The `arithmetic-nonmax` crate provides `NonMax*` types for integer types that are guaranteed to never be their maximum value (`MAX`). Using `NonMax*` types enables memory layout optimization.

Additionally, arithmetic operations can be written intuitively as shown below. For example, in shortest path algorithms, using the `Option<NonMax*>` type allows you to leverage the type system while optimizing the memory layout.
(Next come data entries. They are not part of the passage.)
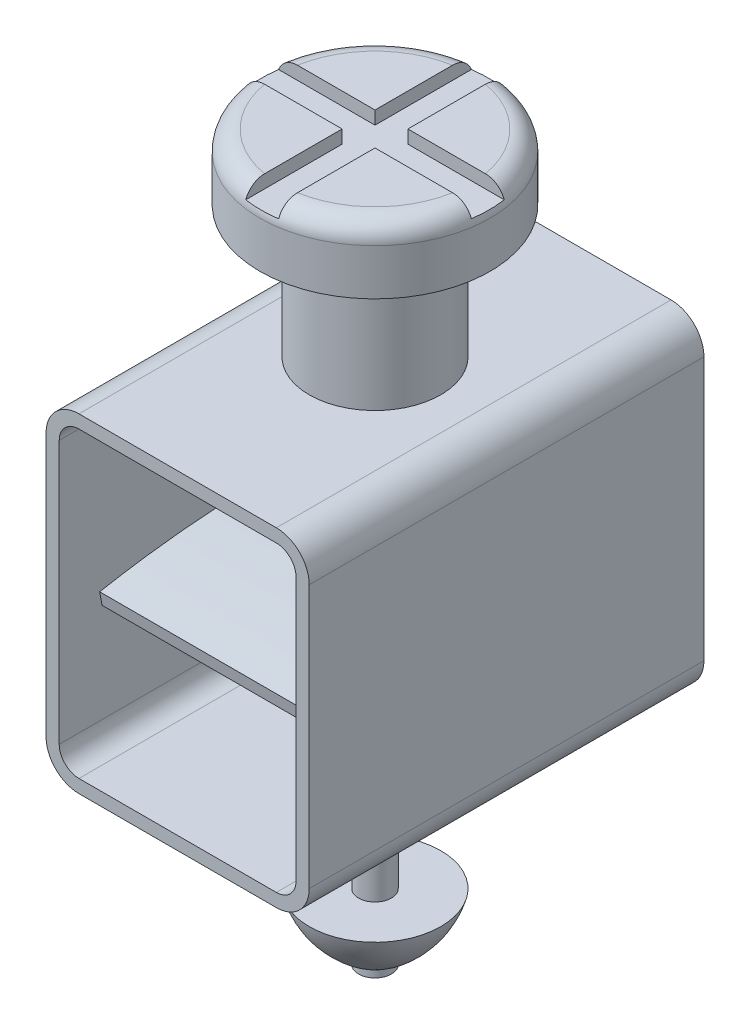
SolidWorks part; units mm, degrees
ref_plane "Ön Düzlem" through (0, 0, 0) normal (0, 0, 1) x (1, 0, 0)
ref_plane "Üst Düzlem" through (0, 0, 0) normal (0, 1, 0) x (1, 0, 0)
ref_plane "Sağ Düzlem" through (0, 0, 0) normal (1, 0, 0) x (0, 0, -1)
sketch "Çizim1" plane through (0, 0, 0) normal (0, 0, 1) x (1, 0, 0)
  line L0 (-1.8, 2) -> (-1.8, -2)
  line L1 (-1.5, 2.5) -> (1.5, 2.5)
  line L2 (-2, 2) -> (-2, -2)
  line L3 (-1.5, -2.5) -> (1.5, -2.5)
  line L4 (2, 2) -> (2, -2)
  line L5 (-2, 2.5) -> (2, -2.5) construction
  line L6 (-2, -2.5) -> (2, 2.5) construction
  line L7 (-1.5, -2.3) -> (1.5, -2.3)
  line L8 (1.8, 2) -> (1.8, -2)
  line L9 (-1.5, 2.3) -> (1.5, 2.3)
  arc A0 (1.5, -2.5) -> (2, -2) centre (1.5, -2) ccw
  arc A1 (-2, -2) -> (-1.5, -2.5) centre (-1.5, -2) ccw
  arc A2 (1.5, 2.5) -> (2, 2) centre (1.5, 2) cw
  arc A3 (-1.5, 2.5) -> (-2, 2) centre (-1.5, 2) ccw
  arc A4 (-1.8, -2) -> (-1.5, -2.3) centre (-1.5, -2) ccw
  arc A5 (1.5, -2.3) -> (1.8, -2) centre (1.5, -2) ccw
  arc A6 (1.5, 2.3) -> (1.8, 2) centre (1.5, 2) cw
  arc A7 (-1.5, 2.3) -> (-1.8, 2) centre (-1.5, 2) ccw
  point P0 (0, 0)
  dimension "D3" = 0.5
  dimension "D1" = 4
  dimension "D2" = 5
  dimension "D4" = 0.2
extrude "Yükseklik-Ekstrüzyon1" add sketch "Çizim1" along normal blind 3 and the other way blind 3
ref_plane "Düzlem1" through (0, 0, 0) normal (1, 0, 0) x (0, 0, -1)
sketch "Çizim10" plane through (0, 0, 0) normal (1, 0, 0) x (0, 0, -1)
  line L0 (-3, 0) -> (3, 0) construction
  line L1 (-3, -2) -> (-3, 2) construction
  line L2 (3, -2) -> (3, 2) construction
  line L3 (-2.6849, 0) -> (-2.6483, -0.1966)
  line L4 (-2.6849, 0.25) -> (2.6849, 0.25) construction
  line L5 (-2.6849, 0.25) -> (-2.6849, -0.25) construction
  line L6 (-2.6849, -0.25) -> (2.6849, -0.25) construction
  line L7 (2.6849, 0.25) -> (2.6849, -0.25) construction
  line L8 (-2.6849, 0.25) -> (2.6849, -0.25) construction
  line L9 (-2.6849, -0.25) -> (2.6849, 0.25) construction
  line L10 (2.6849, 0) -> (2.6483, -0.1966)
  spline S0 degree 3 poles (-2.6849, 0) (-0.895, 0.3333) (0.895, 0.3333) (2.6849, 0) knots 0 0 0 0 1 1 1 1
  spline S1 degree 1 poles (-2.6483, -0.1966) (2.6483, -0.1966) knots 0 0 1 1 construction
  spline S2 degree 3 poles (-2.6483, -0.1966) (-0.9126, 0.1266) (0.9126, 0.1266) (2.6483, -0.1966) knots 0 0 0 0 1 1 1 1
  point P6 (0, 0)
  dimension "D1" = 0.5
  dimension "D2" = 0.2
extrude "Yükseklik-Ekstrüzyon7" add sketch "Çizim10" along normal blind 1.5 and the other way blind 1.5 separate body
sketch "Çizim11" plane through (0, 2.5, 0) normal (0, 1, 0) x (1, 0, 0)
  circle A0 centre (0, 0) radius 1
  dimension "D1" = 2
extrude "Yükseklik-Ekstrüzyon8" add sketch "Çizim11" along normal blind 2 and the other way blind 3
fillet "Radyus3" radius 0.3 1 edges at (0, -0.5, 1)
sketch "Çizim12" plane through (0, 4.5, 0) normal (0, 1, 0) x (1, 0, 0)
  circle A0 centre (0, 0) radius 1.75
  dimension "D1" = 3.5
extrude "Yükseklik-Ekstrüzyon9" add sketch "Çizim12" along normal blind 1
fillet "Radyus4" radius 0.3 1 edges at (0, 5.5, 1.75)
sketch "Çizim13" plane through (0, 5.5, 0) normal (0, 1, 0) x (1, 0, 0)
  line L0 (-0.25, -0.25) -> (-0.25, -2.0966)
  line L1 (-0.25, 2.0966) -> (0.25, 2.0966)
  line L2 (-0.25, 2.0966) -> (-0.25, 0.25)
  line L3 (-0.25, -2.0966) -> (0.25, -2.0966)
  line L4 (0.25, 2.0966) -> (0.25, 0.25)
  line L7 (-2.7097, 0.25) -> (-0.25, 0.25)
  line L8 (-2.7097, 0.25) -> (-2.7097, -0.25)
  line L9 (-2.7097, -0.25) -> (-0.25, -0.25)
  line L10 (2.7097, 0.25) -> (2.7097, -0.25)
  line L14 (0.25, 0.25) -> (2.7097, 0.25)
  line L16 (0.25, -0.25) -> (0.25, -2.0966)
  line L18 (0.25, -0.25) -> (2.7097, -0.25)
  point P0 (0, 0)
  point P6 (0, 0)
  dimension "D1" = 0.5
  dimension "D2" = 0.5
extrude "Kes-Ekstrüzyon5" cut sketch "Çizim13" against normal blind 0.2
sketch "Çizim14" plane through (0, -2.5, 0) normal (0, -1, 0) x (1, 0, 0)
  circle A0 centre (0, 0) radius 0.25
  dimension "D1" = 0.5
extrude "Yükseklik-Ekstrüzyon10" add sketch "Çizim14" along normal blind 3
ref_plane "Düzlem3" through (0, 0, 0) normal (1, 0, 0) x (0, 0, -1)
sketch "Çizim15" plane through (0, 0, 0) normal (1, 0, 0) x (0, 0, -1)
  line L0 (0, -5.5) -> (0, -4.5)
  line L1 (-0.25, -5.5) -> (0.25, -5.5) construction
  line L2 (0, -4.5) -> (1, -4.5)
  spline S0 degree 2 poles (0, -5.5) (0.8124, -5.1587) (1, -4.5) knots 0 0 0 0.798476 0.798476 0.798476
  dimension "D1" = 1
  dimension "D2" = 1
revolve "Döndür2" add sketch "Çizim15" angle 360 about L0
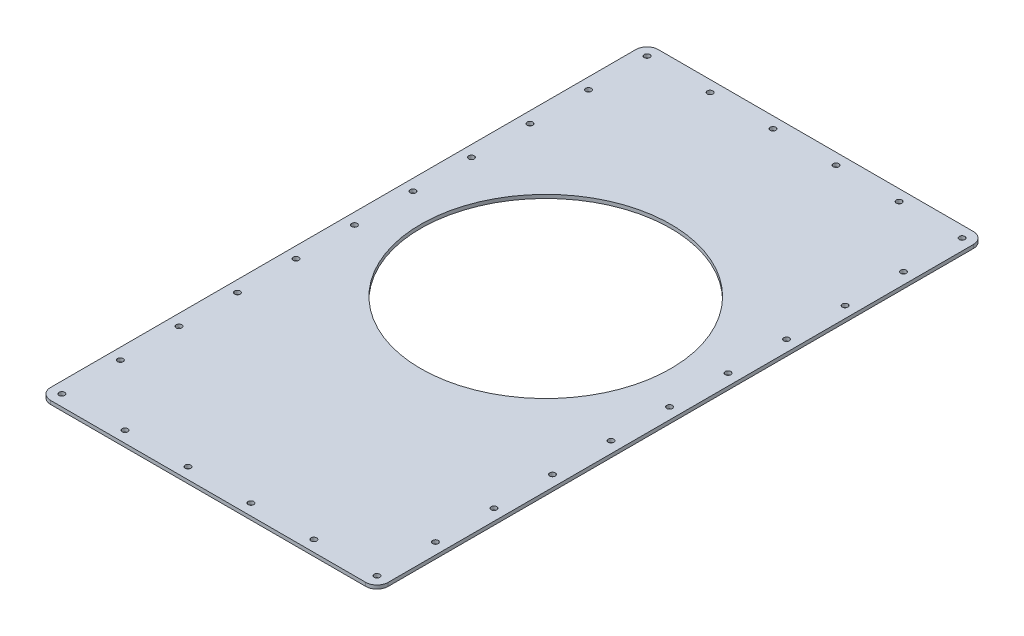
SolidWorks part; units mm, degrees
material "5052-H32"
ref_plane "Front Plane" through (0, 0, 0) normal (0, 0, 1) x (1, 0, 0)
ref_plane "Top Plane" through (0, 0, 0) normal (0, 1, 0) x (1, 0, 0)
ref_plane "Right Plane" through (0, 0, 0) normal (1, 0, 0) x (0, 0, -1)
sketch "Sketch9" plane through (0, 0, 0) normal (0, 1, 0) x (1, 0, 0)
  line L1 (-125, 500) -> (135, 500) construction
  line L2 (-125, 500) -> (-125, 0) construction
  line L3 (-125, 0) -> (135, 0) construction
  line L4 (135, 500) -> (135, 0) construction
  line L8 (-145, 520) -> (-145, -20)
  line L9 (-145, -20) -> (155, -20)
  line L10 (155, 520) -> (155, -20)
  line L11 (-145, 520) -> (155, 520)
  circle A0 centre (-135, -10) radius 2.5
  circle A2 centre (-135, 42) radius 2.5
  circle A3 centre (-135, 94) radius 2.5
  circle A4 centre (-135, 146) radius 2.5
  circle A5 centre (-135, 198) radius 2.5
  circle A6 centre (-135, 250) radius 2.5
  circle A7 centre (-135, 302) radius 2.5
  circle A8 centre (-135, 354) radius 2.5
  circle A9 centre (-135, 406) radius 2.5
  circle A10 centre (-135, 458) radius 2.5
  circle A16 centre (-135, 510) radius 2.5
  circle A17 centre (-79, 510) radius 2.5
  circle A18 centre (-23, 510) radius 2.5
  circle A19 centre (33, 510) radius 2.5
  circle A20 centre (89, 510) radius 2.5
  circle A21 centre (145, 510) radius 2.5
  circle A22 centre (145, 458) radius 2.5
  circle A23 centre (145, 406) radius 2.5
  circle A24 centre (145, 354) radius 2.5
  circle A25 centre (145, 302) radius 2.5
  circle A26 centre (145, 250) radius 2.5
  circle A27 centre (145, 198) radius 2.5
  circle A28 centre (145, 146) radius 2.5
  circle A29 centre (145, 94) radius 2.5
  circle A30 centre (145, 42) radius 2.5
  circle A31 centre (145, -10) radius 2.5
  circle A37 centre (5, 280) radius 111.125
  circle A38 centre (89, -10) radius 2.5
  circle A39 centre (33, -10) radius 2.5
  circle A40 centre (-23, -10) radius 2.5
  circle A41 centre (-79, -10) radius 2.5
  dimension "D4" = 5
  dimension "D13" = 222.25
  dimension "D2" = 10
  dimension "D3" = 10
  dimension "D10" = 500
  dimension "D12" = 220
  dimension "D9" = 260
  dimension "D11" = 130
  dimension "D1" = 20
  dimension "D8" = 11
  dimension "D5" = 6
  dimension "D6" = 11
  dimension "D7" = 5
extrude "Boss-Extrude7" add sketch "Sketch9" along normal blind 3.175 separate body contours L11 L8 L9 L10 A37 A41 A31 A30 A29 A28 A27 A26 A25 A24 A23 A22 A21 A20 A19 A18 A17 A16 A10 | A37 region at (5, 0, -513.8226) region at (5, 0, -280)
fillet "Fillet4" radius 10 4 edges at (-145, 1.5875, -520) (155, 1.5875, -520) (155, 1.5875, 20) (-145, 1.5875, 20)
extrude "Cut-Extrude1" cut sketch "Sketch9<3>" along normal through all both and the other way through all contours A37
sketch "Sketch9<3>" plane through (0, 0, 0) normal (0, 1, 0) x (1, 0, 0) same geometry as "Sketch9"
equation "\"W\"= 260"
equation "\"D9@Sketch9\"=\"W\""
equation "\"D11@Sketch9\"=\"W\"/2"

See [Benchmarks](#benchmarks) for more details.

```rust
use arithmetic_nonmax::{NonMaxU32, non_max};

let a: NonMaxU32 = NonMaxU32::new(5).unwrap();

let b = non_max!(10); // Conveniently create values with the non_max! macro
let c = b - a; // Arithmetic operations between NonMax types
assert_eq!(a, c);

let d = a * 5; // Arithmetic operations with primitive integers
assert!(a < d);
assert_eq!(d.to_string(), "25"); // Can be converted to string
```

Memory layout optimization can be verified as follows:

```rust
use arithmetic_nonmax::*;

// Check byte size for u32
assert_eq!(std::mem::size_of::<NonMaxU32>(), 4);
assert_eq!(std::mem::size_of::<Option<NonMaxU32>>(), 4);
assert_eq!(std::mem::size_of::<u32>(), 4);
assert_eq!(std::mem::size_of::<Option<u32>>(), 8);

// Check byte size for Option<NonMax*>
assert_eq!(std::mem::size_of::<Option<NonMaxU8>>(), 1);
assert_eq!(std::mem::size_of::<Option<NonMaxU16>>(), 2);
assert_eq!(std::mem::size_of::<Option<NonMaxU32>>(), 4);
assert_eq!(std::mem::size_of::<Option<NonMaxU64>>(), 8);
assert_eq!(std::mem::size_of::<Option<NonMaxU128>>(), 16);
assert_eq!(std::mem::size_of::<Option<NonMaxI8>>(), 1);
assert_eq!(std::mem::size_of::<Option<NonMaxI16>>(), 2);
assert_eq!(std::mem::size_of::<Option<NonMaxI32>>(), 4);
assert_eq!(std::mem::size_of::<Option<NonMaxI64>>(), 8);
assert_eq!(std::mem::size_of::<Option<NonMaxI128>>(), 16);
```

## Benchmarks

Benchmarks are available in `benches/comparison.rs`. They compare execution time and memory usage between using and not using `NonMax` types.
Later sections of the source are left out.